LeetCode Database题解
使用外连接即可。
# Write your MySQL query statement below
select FirstName, LastName, City, State from Person left outer join Address on Person.PersonId = Address.PersonId;
# Write your MySQL query statement below
select p.FirstName, p.LastName, a.City, a.State from Person as p left outer join Address as a on p.PersonId = a.PersonId;
查询第二高工资值,可能无此值。使用聚集函数与子查询即可,注意MAX可能返回NULL。
# Write your MySQL query statement below
select max(Salary) as SecondHighestSalary from Employee where Salary < (select max(Salary) from Employee);
# Write your MySQL query statement below
select max(Salary) as SecondHighestSalary from Employee where Salary not in(select max(Salary) from Employee);
查询第N高工资值,可能无此值。使用IFNULL,然后再对结果进行限制即可。
CREATE FUNCTION getNthHighestSalary(N INT) RETURNS INT
BEGIN
DECLARE M INT;
SET M = N - 1;
RETURN (
# Write your MySQL query statement below.
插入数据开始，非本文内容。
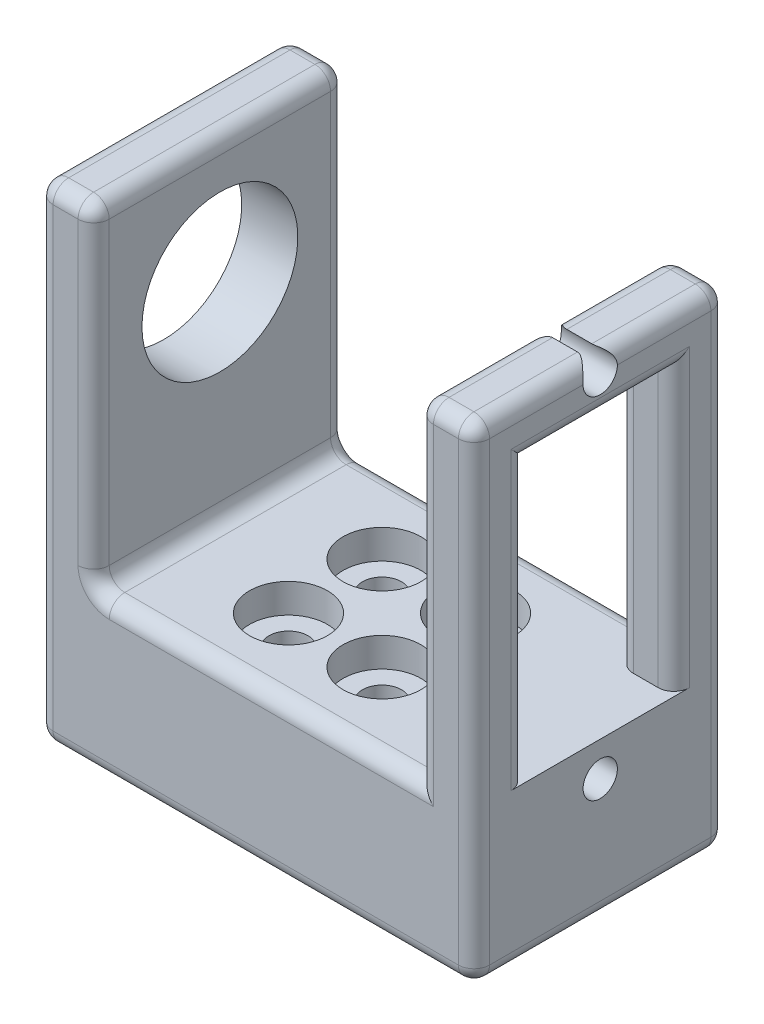
from build123d import *

# Parameters (mm, degrees)
SKETCH1_W                                            = 35.56
SKETCH1_H                                            = 20.574
BOSS_EXTRUDE1_DEPTH                                  = 12.7
SKETCH2_W                                            = 26.416
SKETCH2_H                                            = 11.43
CUT_EXTRUDE1_DEPTH                                   = 6.35
CBORE_FOR_5_16_TRUSS_HEAD_SCREW1_D                   = 3.175
CBORE_FOR_5_16_TRUSS_HEAD_SCREW1_DEPTH               = 7.9375
CBORE_FOR_5_16_TRUSS_HEAD_SCREW1_CBORE_D             = 6.35
CBORE_FOR_5_16_TRUSS_HEAD_SCREW1_CBORE_DEPTH         = 2.38125
CBORE_FOR_5_16_TRUSS_HEAD_SCREW1_TIP                 = 0.953866233
CBORE_FOR_5_16_TRUSS_HEAD_SCREW1_ON_FACE_D           = 3.175
CBORE_FOR_5_16_TRUSS_HEAD_SCREW1_ON_FACE_DEPTH       = 7.9375
CBORE_FOR_5_16_TRUSS_HEAD_SCREW1_ON_FACE_CBORE_D     = 6.35
CBORE_FOR_5_16_TRUSS_HEAD_SCREW1_ON_FACE_CBORE_DEPTH = 2.38125
CBORE_FOR_5_16_TRUSS_HEAD_SCREW1_ON_FACE_TIP         = 0.953866233
SKETCH5_W                                            = 4.572
SKETCH5_H                                            = 20.574
BOSS_EXTRUDE2_DEPTH                                  = 26.9748
CUT_EXTRUDE2_REACH                                   = 59.113
SKETCH7_W                                            = 11.9888
SKETCH7_H                                            = 22.8092
F_60_0_04_DIAMETER_HOLE1_D                           = 2.794
F_60_0_04_DIAMETER_HOLE1_DEPTH                       = 5.08
F_60_0_04_DIAMETER_HOLE1_TIP                         = 0.839402285
CUT_EXTRUDE3_REACH                                   = 59.113
SKETCH10_R                                           = 6.35
FILLET1_R                                            = 1.27


with BuildPart() as part:
    # Sketch1 → Boss-Extrude1 (new body)
    with BuildSketch(Plane(origin=(0, 0, 0), x_dir=(1, 0, 0), z_dir=(0, 1, 0))):
        with Locations((0, 10.287)):
            Rectangle(SKETCH1_W, SKETCH1_H)
    extrude(amount=BOSS_EXTRUDE1_DEPTH)

    # Sketch2 → Cut-Extrude1 (cut)
    with BuildSketch(Plane.XZ):
        with Locations((0, -10.287)):
            Rectangle(SKETCH2_W, SKETCH2_H)
    extrude(amount=-CUT_EXTRUDE1_DEPTH, mode=Mode.SUBTRACT)

    # CBORE for 5/16 Truss Head Screw1
    with Locations(Plane(origin=(-3.81, 12.7, -14.097), x_dir=(0, 0, 1), z_dir=(0, 1, 0))):
        with Locations((0, 0), (0, 7.62), (7.62, 0), (7.62, 7.62)):
            CounterBoreHole(CBORE_FOR_5_16_TRUSS_HEAD_SCREW1_D / 2, CBORE_FOR_5_16_TRUSS_HEAD_SCREW1_CBORE_D / 2, CBORE_FOR_5_16_TRUSS_HEAD_SCREW1_CBORE_DEPTH, depth=CBORE_FOR_5_16_TRUSS_HEAD_SCREW1_DEPTH)
            with Locations((0, 0, -(CBORE_FOR_5_16_TRUSS_HEAD_SCREW1_DEPTH + CBORE_FOR_5_16_TRUSS_HEAD_SCREW1_TIP / 2))):  # 118° drill point
                Cone(0, CBORE_FOR_5_16_TRUSS_HEAD_SCREW1_D / 2, CBORE_FOR_5_16_TRUSS_HEAD_SCREW1_TIP, mode=Mode.SUBTRACT)

    # CBORE for 5/16 Truss Head Screw1 on face
    with Locations(Plane(origin=(-4.806161328, 124.310596627, 0), x_dir=(0, 0, 1), z_dir=(0, 1, 0))):
        with Locations((0, 0)):
            CounterBoreHole(CBORE_FOR_5_16_TRUSS_HEAD_SCREW1_ON_FACE_D / 2, CBORE_FOR_5_16_TRUSS_HEAD_SCREW1_ON_FACE_CBORE_D / 2, CBORE_FOR_5_16_TRUSS_HEAD_SCREW1_ON_FACE_CBORE_DEPTH, depth=CBORE_FOR_5_16_TRUSS_HEAD_SCREW1_ON_FACE_DEPTH)
            with Locations((0, 0, -(CBORE_FOR_5_16_TRUSS_HEAD_SCREW1_ON_FACE_DEPTH + CBORE_FOR_5_16_TRUSS_HEAD_SCREW1_ON_FACE_TIP / 2))):  # 118° drill point
                Cone(0, CBORE_FOR_5_16_TRUSS_HEAD_SCREW1_ON_FACE_D / 2, CBORE_FOR_5_16_TRUSS_HEAD_SCREW1_ON_FACE_TIP, mode=Mode.SUBTRACT)

    # Sketch5 → Boss-Extrude2 (add)
    with BuildSketch(Plane(origin=(0, 12.7, 0), x_dir=(1, 0, 0), z_dir=(0, 1, 0))):
        with Locations((-15.494, 10.287)):
            Rectangle(SKETCH5_W, SKETCH5_H)
        with Locations((15.494, 10.287)):
            Rectangle(SKETCH5_W, SKETCH5_H)
    extrude(amount=BOSS_EXTRUDE2_DEPTH)

    # Sketch7 → Cut-Extrude2 (cut, up to next)
    with BuildSketch(Plane(origin=(17.78, 0, 0), x_dir=(0, 0, -1), z_dir=(1, 0, 0)), mode=Mode.PRIVATE) as cut_extrude2_sk1:
        with Locations((10.287, 24.1046)):
            Rectangle(SKETCH7_W, SKETCH7_H)
    cut_extrude2_tool1 = extrude(cut_extrude2_sk1.sketch, amount=-CUT_EXTRUDE2_REACH, mode=Mode.PRIVATE) & part.part
    add(cut_extrude2_tool1.solids().sort_by_distance((17.78, 24.1046, -10.287))[0], mode=Mode.SUBTRACT)

    # #60 (0.04) Diameter Hole1
    with Locations(Plane(origin=(17.78, 0, 0), x_dir=(0, 0, -1), z_dir=(1, 0, 0))):
        with Locations((10.287, 38.4048), (10.286762393, 9.906)):
            Hole(F_60_0_04_DIAMETER_HOLE1_D / 2, depth=F_60_0_04_DIAMETER_HOLE1_DEPTH)
            with Locations((0, 0, -(F_60_0_04_DIAMETER_HOLE1_DEPTH + F_60_0_04_DIAMETER_HOLE1_TIP / 2))):  # 118° drill point
                Cone(0, F_60_0_04_DIAMETER_HOLE1_D / 2, F_60_0_04_DIAMETER_HOLE1_TIP, mode=Mode.SUBTRACT)

    # Sketch10 → Cut-Extrude3 (cut, up to next)
    with BuildSketch(Plane.ZY.offset(17.78), mode=Mode.PRIVATE) as cut_extrude3_sk1:
        with Locations((-10.287, 29.464)):
            Circle(SKETCH10_R)
    cut_extrude3_tool1 = extrude(cut_extrude3_sk1.sketch, amount=-CUT_EXTRUDE3_REACH, mode=Mode.PRIVATE) & part.part
    add(cut_extrude3_tool1.solids().sort_by_distance((-17.78, 29.464, -10.287))[0], mode=Mode.SUBTRACT)

    # Fillet1
    fillet1_edges = [part.edges().sort_by_distance(p)[0] for p in [
        (17.78, 39.6748, -15.721493557),
        (13.208, 39.6748, -4.852506443),
        (-13.208, 0, -10.287),
        (0, 0, -16.002),
        (13.208, 0, -10.287),
        (0, 0, -4.572),
        (0, 0, -20.574),
        (17.78, 0, -10.287),
        (0, 0, 0),
        (-17.78, 0, -10.287),
        (0, 12.7, 0),
        (-13.208, 12.7, -10.287),
        (-13.208, 26.1874, 0),
        (-13.208, 26.1874, -20.574),
        (-17.78, 39.6748, -10.287),
        (-15.494, 39.6748, 0),
        (-13.208, 39.6748, -10.287),
        (-15.494, 39.6748, -20.574),
        (0, 12.7, -20.574),
        (-17.78, 19.8374, -20.574),
        (17.78, 19.8374, -20.574),
        (13.208, 26.1874, -20.574),
        (17.78, 19.8374, 0),
        (13.208, 26.1874, 0),
        (17.78, 39.6748, -4.852506443),
        (15.494, 39.6748, -20.574),
        (13.208, 39.6748, -15.721493557),
        (-17.78, 19.8374, 0),
        (15.494, 39.6748, 0),
        (13.208, 35.5092, -10.287),
        (13.208, 24.1046, -16.2814),
        (13.208, 24.1046, -4.2926),
        (17.78, 24.1046, -16.2814),
        (17.78, 35.5092, -10.287),
        (17.78, 24.1046, -4.2926),
    ]]
    fillet(fillet1_edges, radius=FILLET1_R)


solid = part.part

SELECT IFNULL((SELECT DISTINCT Salary FROM Employee ORDER BY Salary DESC LIMIT M, 1), NULL)
);
END
按得分排名并计算排名。使用子查询、聚集函数,然后再对结果进行排序即可。
# Write your MySQL query statement below
select Scores.Score, (select count(*) from (select distinct Score from Scores) as DistinctScores where DistinctScores.Score >= Scores.Score) as Rank from Scores order by Score desc;
# Write your MySQL query statement below
select Scores.Score, count(DistinctScores.Score) as Rank from Scores, (select distinct Score from Scores) as DistinctScores where Scores.Score <= DistinctScores.Score group by Scores.Id, Scores.Score order by Scores.Score desc;
找出至少连续出现3次的Num。先排序,再查询即可。也有人使用变量来解答。
# Write your MySQL query statement below
select distinct(l1.Num) as ConsecutiveNums from Logs l1, Logs l2, Logs l3 where l1.Id + 1 = l2.Id and l1.Id + 2 = l3.Id and l1.Num = l2.Num and l1.Num = l3.Num;
181. Employees Earning More Than Their Managers
查询工资比上司高的员工。使用自连接即可。
# Write your MySQL query statement below
select e1.Name as Employee from Employee as e1, Employee as e2 where e1.ManagerId = e2.Id and e1.Salary > e2.Salary;
查找表中有重复的emails。使用数据分组或自连接即可。
# Write your MySQL query statement below
select Email from Person group by Email having count(*) > 1;
# Write your MySQL query statement below
select distinct(p1.Email) from Person as p1, Person as p2 where p1.Id != p2.Id and p1.Email = p2.Email;
183. Customers Who Never Order
查出没有订单的客户。使用数据过滤即可。
# Write your MySQL query statement below
select Name as Customers from Customers where Customers.Id not in (select distinct(CustomerId) from Orders);
184. Department Highest Salary
查询每个部内最高的工资,最高工资可能有多个员工。这题相对来说稍复杂,使用子查询与数据分组来解决。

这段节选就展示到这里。